[[ SUPPLIED RECORDS, beginning ]]

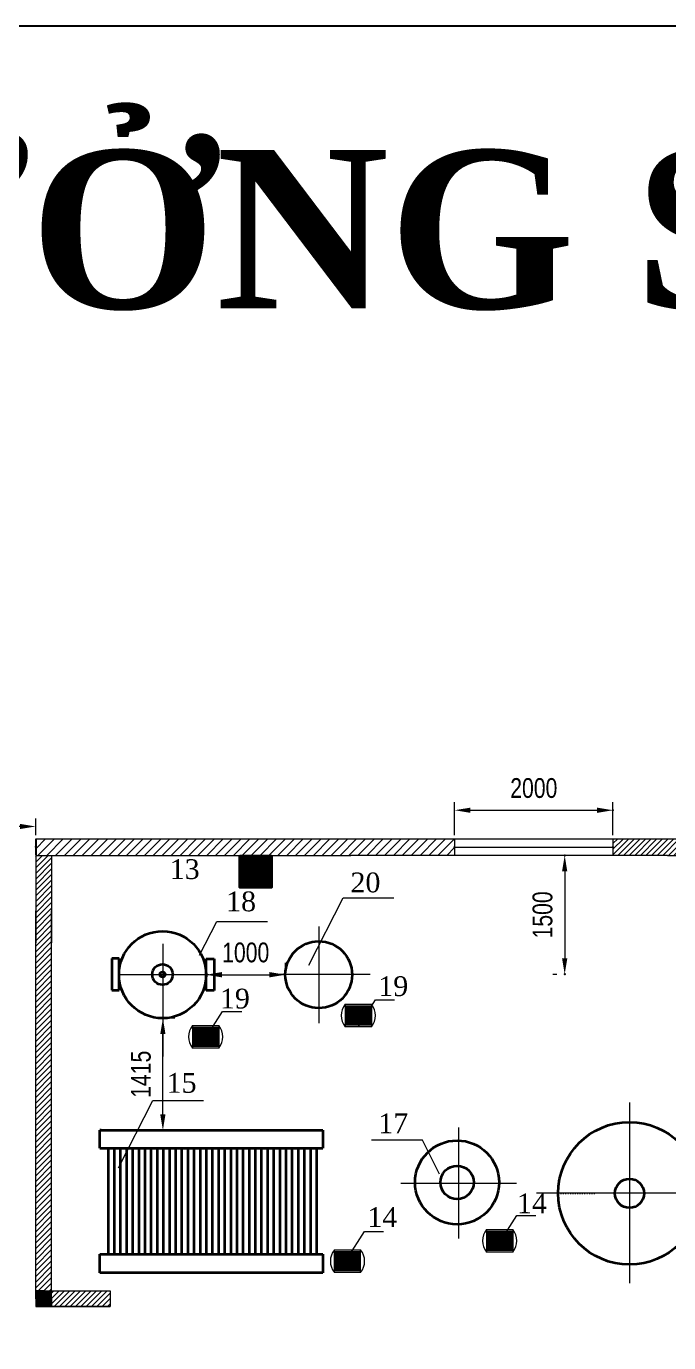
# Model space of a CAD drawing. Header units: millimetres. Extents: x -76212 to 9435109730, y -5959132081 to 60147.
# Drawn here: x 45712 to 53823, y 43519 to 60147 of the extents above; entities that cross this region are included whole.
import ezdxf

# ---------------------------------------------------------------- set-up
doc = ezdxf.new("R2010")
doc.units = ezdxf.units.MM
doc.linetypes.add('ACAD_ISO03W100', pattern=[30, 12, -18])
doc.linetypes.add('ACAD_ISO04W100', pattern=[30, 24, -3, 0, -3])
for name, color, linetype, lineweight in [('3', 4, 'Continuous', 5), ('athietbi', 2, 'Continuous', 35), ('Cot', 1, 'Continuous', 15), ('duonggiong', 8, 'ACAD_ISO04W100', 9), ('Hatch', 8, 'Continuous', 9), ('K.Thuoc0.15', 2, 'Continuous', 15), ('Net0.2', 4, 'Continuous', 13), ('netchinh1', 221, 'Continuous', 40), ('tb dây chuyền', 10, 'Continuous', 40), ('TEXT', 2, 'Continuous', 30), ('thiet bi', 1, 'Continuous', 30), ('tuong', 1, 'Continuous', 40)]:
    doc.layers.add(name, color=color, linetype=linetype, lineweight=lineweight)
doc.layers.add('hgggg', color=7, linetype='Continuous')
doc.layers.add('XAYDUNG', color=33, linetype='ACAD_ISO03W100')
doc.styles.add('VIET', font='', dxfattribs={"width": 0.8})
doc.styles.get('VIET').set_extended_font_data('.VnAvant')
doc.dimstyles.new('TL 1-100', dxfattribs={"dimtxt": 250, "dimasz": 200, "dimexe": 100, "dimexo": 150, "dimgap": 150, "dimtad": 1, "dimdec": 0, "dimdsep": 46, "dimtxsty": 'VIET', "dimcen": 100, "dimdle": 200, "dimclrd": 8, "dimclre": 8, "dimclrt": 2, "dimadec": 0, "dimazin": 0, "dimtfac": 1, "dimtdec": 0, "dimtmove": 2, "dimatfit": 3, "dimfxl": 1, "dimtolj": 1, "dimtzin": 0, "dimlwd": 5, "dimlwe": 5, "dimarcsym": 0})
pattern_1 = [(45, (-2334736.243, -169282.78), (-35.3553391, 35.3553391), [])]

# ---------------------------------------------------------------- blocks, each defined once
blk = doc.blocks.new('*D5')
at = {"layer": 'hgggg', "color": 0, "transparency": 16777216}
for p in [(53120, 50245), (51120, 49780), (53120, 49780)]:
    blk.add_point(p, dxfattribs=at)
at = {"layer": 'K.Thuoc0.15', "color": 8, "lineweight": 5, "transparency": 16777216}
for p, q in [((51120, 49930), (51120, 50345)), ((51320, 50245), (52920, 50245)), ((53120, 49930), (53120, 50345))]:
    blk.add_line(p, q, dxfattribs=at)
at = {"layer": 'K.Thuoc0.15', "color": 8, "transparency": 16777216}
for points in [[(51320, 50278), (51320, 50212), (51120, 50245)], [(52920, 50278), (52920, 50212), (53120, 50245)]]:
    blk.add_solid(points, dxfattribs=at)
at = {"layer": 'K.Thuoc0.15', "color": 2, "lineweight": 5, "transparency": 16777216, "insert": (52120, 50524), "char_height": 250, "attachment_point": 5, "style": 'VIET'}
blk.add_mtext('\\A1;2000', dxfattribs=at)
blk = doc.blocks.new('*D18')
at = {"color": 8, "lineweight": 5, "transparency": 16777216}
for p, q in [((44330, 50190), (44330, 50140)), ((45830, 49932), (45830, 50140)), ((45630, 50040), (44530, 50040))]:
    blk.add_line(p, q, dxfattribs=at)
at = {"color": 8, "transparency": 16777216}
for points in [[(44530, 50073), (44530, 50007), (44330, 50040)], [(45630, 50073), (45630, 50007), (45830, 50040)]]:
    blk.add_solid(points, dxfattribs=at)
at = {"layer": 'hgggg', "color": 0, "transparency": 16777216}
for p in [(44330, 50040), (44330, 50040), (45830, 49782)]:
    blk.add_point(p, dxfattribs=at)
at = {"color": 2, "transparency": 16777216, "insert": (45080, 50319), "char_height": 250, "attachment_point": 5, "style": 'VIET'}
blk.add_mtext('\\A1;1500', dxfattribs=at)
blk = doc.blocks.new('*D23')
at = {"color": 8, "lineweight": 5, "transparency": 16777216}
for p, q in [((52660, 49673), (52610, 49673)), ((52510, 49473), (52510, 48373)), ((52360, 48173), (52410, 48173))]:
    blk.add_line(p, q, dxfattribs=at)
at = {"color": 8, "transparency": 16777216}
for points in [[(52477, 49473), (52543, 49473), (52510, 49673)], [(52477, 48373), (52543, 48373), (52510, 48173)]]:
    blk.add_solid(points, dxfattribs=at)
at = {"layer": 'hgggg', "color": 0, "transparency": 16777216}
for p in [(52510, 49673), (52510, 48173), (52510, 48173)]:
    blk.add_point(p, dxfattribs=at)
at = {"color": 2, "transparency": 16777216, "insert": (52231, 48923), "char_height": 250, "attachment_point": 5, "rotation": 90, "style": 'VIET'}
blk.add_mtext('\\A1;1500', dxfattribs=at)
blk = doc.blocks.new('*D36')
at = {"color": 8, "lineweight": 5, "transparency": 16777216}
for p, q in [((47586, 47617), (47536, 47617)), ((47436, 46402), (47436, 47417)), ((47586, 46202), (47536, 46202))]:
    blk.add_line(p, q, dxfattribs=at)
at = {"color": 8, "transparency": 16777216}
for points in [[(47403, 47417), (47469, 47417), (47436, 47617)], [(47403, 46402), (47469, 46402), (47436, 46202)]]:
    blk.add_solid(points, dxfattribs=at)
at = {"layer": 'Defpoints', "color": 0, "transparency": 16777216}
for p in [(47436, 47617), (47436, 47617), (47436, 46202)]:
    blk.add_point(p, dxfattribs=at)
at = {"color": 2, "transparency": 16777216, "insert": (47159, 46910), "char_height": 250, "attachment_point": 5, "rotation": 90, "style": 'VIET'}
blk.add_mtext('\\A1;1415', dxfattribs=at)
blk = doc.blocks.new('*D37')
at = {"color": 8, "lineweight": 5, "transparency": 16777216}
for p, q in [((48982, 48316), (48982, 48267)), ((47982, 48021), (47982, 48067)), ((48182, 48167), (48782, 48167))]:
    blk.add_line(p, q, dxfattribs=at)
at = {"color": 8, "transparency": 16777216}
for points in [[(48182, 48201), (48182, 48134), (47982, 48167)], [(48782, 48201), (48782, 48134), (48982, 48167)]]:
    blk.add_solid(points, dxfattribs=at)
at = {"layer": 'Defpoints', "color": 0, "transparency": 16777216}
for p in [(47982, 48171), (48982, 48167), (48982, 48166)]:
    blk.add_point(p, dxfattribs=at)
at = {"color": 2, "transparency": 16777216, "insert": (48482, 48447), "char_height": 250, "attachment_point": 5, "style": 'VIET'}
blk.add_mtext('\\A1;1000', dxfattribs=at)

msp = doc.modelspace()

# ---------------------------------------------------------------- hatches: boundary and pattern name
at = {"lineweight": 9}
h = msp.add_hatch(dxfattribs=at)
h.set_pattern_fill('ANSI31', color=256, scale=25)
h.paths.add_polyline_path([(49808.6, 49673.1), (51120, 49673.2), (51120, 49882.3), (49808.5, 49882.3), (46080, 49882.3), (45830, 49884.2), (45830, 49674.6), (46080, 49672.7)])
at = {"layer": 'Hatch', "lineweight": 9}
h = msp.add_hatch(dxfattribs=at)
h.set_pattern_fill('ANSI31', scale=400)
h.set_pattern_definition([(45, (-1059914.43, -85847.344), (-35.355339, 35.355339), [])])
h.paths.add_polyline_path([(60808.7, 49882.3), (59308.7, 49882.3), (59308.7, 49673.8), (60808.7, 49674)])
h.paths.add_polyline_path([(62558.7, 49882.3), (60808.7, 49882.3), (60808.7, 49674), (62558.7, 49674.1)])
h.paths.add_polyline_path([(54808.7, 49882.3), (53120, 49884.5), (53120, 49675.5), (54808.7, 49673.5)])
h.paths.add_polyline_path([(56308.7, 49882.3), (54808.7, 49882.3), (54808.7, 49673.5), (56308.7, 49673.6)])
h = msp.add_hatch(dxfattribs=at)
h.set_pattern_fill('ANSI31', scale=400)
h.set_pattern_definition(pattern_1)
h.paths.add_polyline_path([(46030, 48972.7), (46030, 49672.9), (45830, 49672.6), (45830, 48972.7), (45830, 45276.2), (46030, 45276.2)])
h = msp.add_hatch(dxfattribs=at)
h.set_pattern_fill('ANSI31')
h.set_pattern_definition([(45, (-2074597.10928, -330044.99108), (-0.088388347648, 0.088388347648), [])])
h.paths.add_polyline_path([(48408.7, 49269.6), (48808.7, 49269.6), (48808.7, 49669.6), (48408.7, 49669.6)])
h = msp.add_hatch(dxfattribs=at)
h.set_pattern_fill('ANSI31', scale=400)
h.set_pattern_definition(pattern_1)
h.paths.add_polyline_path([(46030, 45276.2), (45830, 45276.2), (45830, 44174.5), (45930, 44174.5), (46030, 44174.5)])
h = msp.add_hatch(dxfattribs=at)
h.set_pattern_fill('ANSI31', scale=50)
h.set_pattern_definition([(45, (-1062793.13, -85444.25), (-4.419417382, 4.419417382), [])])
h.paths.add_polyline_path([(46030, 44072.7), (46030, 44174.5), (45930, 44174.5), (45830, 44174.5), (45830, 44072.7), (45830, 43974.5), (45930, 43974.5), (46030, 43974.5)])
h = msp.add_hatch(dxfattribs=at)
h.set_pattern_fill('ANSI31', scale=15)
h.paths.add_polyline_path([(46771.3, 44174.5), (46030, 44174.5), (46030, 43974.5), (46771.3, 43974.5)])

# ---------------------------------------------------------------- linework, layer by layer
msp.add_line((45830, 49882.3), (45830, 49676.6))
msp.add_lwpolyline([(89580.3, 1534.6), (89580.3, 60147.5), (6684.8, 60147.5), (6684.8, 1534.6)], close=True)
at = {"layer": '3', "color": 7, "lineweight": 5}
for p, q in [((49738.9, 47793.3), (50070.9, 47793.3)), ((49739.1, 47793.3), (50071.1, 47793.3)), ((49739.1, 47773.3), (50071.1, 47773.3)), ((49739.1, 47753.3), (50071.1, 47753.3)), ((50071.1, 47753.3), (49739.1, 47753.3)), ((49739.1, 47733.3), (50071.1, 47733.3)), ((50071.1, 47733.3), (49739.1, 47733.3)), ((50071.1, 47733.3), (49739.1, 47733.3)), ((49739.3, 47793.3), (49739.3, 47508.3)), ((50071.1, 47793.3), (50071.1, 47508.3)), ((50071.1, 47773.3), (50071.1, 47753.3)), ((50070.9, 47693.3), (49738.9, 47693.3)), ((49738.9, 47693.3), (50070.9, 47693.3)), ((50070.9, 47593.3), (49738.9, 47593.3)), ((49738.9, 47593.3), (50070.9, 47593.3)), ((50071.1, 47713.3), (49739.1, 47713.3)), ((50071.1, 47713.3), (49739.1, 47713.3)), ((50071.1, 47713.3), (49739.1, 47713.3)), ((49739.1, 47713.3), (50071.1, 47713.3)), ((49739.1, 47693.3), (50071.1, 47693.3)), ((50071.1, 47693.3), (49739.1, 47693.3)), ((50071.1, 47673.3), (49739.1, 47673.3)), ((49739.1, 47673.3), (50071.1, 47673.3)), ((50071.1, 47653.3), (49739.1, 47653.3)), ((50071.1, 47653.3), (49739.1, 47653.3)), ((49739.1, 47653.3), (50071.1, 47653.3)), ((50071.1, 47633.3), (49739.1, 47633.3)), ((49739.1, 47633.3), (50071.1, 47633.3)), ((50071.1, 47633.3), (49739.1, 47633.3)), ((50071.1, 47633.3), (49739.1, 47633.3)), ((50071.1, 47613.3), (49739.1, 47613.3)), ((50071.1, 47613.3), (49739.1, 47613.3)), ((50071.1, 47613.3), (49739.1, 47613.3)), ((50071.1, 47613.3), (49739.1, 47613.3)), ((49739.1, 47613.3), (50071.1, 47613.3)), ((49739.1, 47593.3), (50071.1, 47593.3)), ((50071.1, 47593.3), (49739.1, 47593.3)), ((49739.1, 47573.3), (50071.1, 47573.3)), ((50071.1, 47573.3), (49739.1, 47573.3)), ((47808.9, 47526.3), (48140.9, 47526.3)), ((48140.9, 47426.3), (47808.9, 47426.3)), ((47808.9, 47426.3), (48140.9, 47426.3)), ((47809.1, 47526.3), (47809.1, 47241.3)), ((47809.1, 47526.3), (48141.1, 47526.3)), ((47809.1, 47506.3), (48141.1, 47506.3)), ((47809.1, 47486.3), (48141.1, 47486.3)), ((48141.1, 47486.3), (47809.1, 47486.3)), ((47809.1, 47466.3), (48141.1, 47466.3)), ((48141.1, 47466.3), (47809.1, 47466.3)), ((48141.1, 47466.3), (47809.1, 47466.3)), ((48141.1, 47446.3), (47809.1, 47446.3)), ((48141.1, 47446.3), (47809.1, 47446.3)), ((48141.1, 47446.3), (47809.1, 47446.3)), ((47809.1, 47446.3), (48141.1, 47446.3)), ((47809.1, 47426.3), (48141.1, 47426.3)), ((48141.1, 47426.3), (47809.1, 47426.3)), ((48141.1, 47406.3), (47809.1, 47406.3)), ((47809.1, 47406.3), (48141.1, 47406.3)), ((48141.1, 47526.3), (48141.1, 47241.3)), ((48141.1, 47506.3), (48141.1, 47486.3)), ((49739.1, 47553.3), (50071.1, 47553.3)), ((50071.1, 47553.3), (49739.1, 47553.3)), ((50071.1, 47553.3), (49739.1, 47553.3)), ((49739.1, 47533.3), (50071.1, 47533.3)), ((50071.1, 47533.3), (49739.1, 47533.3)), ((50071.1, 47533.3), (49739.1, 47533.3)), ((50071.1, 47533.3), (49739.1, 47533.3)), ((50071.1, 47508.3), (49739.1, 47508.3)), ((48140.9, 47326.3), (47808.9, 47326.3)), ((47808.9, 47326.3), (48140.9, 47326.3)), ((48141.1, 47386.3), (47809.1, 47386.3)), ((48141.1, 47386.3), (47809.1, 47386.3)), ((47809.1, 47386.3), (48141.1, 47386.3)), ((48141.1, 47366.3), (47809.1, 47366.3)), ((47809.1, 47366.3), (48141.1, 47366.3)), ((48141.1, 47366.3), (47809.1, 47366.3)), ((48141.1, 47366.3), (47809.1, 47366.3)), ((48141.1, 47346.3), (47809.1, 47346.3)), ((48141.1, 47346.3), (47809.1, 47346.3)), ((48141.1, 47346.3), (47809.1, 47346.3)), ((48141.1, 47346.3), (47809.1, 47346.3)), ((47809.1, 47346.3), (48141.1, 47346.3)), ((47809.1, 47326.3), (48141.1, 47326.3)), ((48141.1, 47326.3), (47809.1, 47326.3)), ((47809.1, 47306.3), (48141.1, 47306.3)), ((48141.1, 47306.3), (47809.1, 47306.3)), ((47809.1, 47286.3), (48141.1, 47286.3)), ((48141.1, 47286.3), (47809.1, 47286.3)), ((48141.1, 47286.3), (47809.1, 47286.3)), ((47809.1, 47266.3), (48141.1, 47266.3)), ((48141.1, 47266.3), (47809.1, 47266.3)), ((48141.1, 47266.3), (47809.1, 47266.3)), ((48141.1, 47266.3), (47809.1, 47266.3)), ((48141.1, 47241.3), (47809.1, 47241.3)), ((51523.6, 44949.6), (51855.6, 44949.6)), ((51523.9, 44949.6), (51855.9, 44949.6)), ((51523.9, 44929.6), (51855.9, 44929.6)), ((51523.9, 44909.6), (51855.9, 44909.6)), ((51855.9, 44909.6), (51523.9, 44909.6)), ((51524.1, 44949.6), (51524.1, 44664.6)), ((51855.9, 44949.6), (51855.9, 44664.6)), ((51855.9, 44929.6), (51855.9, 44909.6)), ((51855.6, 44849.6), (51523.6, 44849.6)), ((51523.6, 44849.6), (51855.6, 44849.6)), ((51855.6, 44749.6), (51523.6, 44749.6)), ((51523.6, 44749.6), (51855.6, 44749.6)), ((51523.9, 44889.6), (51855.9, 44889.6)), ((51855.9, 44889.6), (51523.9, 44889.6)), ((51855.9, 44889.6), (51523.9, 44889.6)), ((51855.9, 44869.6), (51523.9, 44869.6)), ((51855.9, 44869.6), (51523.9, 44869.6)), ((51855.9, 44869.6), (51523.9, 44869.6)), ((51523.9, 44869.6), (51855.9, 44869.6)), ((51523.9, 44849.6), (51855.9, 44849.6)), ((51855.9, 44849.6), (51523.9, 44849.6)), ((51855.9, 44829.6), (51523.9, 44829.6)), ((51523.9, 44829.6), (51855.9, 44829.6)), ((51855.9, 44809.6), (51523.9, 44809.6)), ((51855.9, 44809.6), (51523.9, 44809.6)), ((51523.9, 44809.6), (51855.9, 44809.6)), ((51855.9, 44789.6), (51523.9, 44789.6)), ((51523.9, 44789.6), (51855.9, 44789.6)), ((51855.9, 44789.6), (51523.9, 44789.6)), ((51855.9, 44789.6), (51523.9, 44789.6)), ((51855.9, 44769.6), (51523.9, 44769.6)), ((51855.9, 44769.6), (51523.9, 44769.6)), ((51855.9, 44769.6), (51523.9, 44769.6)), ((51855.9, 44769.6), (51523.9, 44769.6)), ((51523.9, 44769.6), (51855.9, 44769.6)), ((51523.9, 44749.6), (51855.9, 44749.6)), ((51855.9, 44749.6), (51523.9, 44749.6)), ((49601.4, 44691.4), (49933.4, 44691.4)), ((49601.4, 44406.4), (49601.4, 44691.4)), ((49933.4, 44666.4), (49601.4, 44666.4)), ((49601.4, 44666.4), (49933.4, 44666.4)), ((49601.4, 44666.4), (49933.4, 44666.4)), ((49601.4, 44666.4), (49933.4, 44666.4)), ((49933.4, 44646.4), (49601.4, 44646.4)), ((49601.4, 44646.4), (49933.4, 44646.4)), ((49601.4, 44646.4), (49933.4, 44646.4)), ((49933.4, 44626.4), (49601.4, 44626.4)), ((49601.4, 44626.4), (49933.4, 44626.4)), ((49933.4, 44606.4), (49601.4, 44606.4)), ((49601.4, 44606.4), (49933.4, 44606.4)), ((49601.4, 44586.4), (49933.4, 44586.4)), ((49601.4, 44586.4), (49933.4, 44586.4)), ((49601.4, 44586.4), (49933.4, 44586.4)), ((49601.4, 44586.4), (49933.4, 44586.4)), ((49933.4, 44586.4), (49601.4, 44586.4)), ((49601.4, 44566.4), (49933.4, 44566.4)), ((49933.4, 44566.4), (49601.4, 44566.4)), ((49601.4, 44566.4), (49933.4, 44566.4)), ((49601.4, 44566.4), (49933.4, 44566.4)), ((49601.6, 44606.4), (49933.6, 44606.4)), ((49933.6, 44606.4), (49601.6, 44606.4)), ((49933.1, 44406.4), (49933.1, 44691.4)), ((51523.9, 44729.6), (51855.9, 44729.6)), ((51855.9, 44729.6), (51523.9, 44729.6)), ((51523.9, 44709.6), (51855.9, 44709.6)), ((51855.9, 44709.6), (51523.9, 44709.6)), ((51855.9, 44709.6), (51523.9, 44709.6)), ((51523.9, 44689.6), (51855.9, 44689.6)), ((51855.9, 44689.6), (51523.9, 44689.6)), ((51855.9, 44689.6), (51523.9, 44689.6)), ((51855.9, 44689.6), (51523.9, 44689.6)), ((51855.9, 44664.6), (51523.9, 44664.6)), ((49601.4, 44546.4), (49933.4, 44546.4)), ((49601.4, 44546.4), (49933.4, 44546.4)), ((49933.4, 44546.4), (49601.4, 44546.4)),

[[ SUPPLIED RECORDS, end ]]

→ TO DO: In the data above, each line holding "rotation" is to be found and copied.

→ RESPONSE AREA:
at = {"color": 2, "transparency": 16777216, "insert": (52231, 48923), "char_height": 250, "attachment_point": 5, "rotation": 90, "style": 'VIET'}
at = {"color": 2, "transparency": 16777216, "insert": (47159, 46910), "char_height": 250, "attachment_point": 5, "rotation": 90, "style": 'VIET'}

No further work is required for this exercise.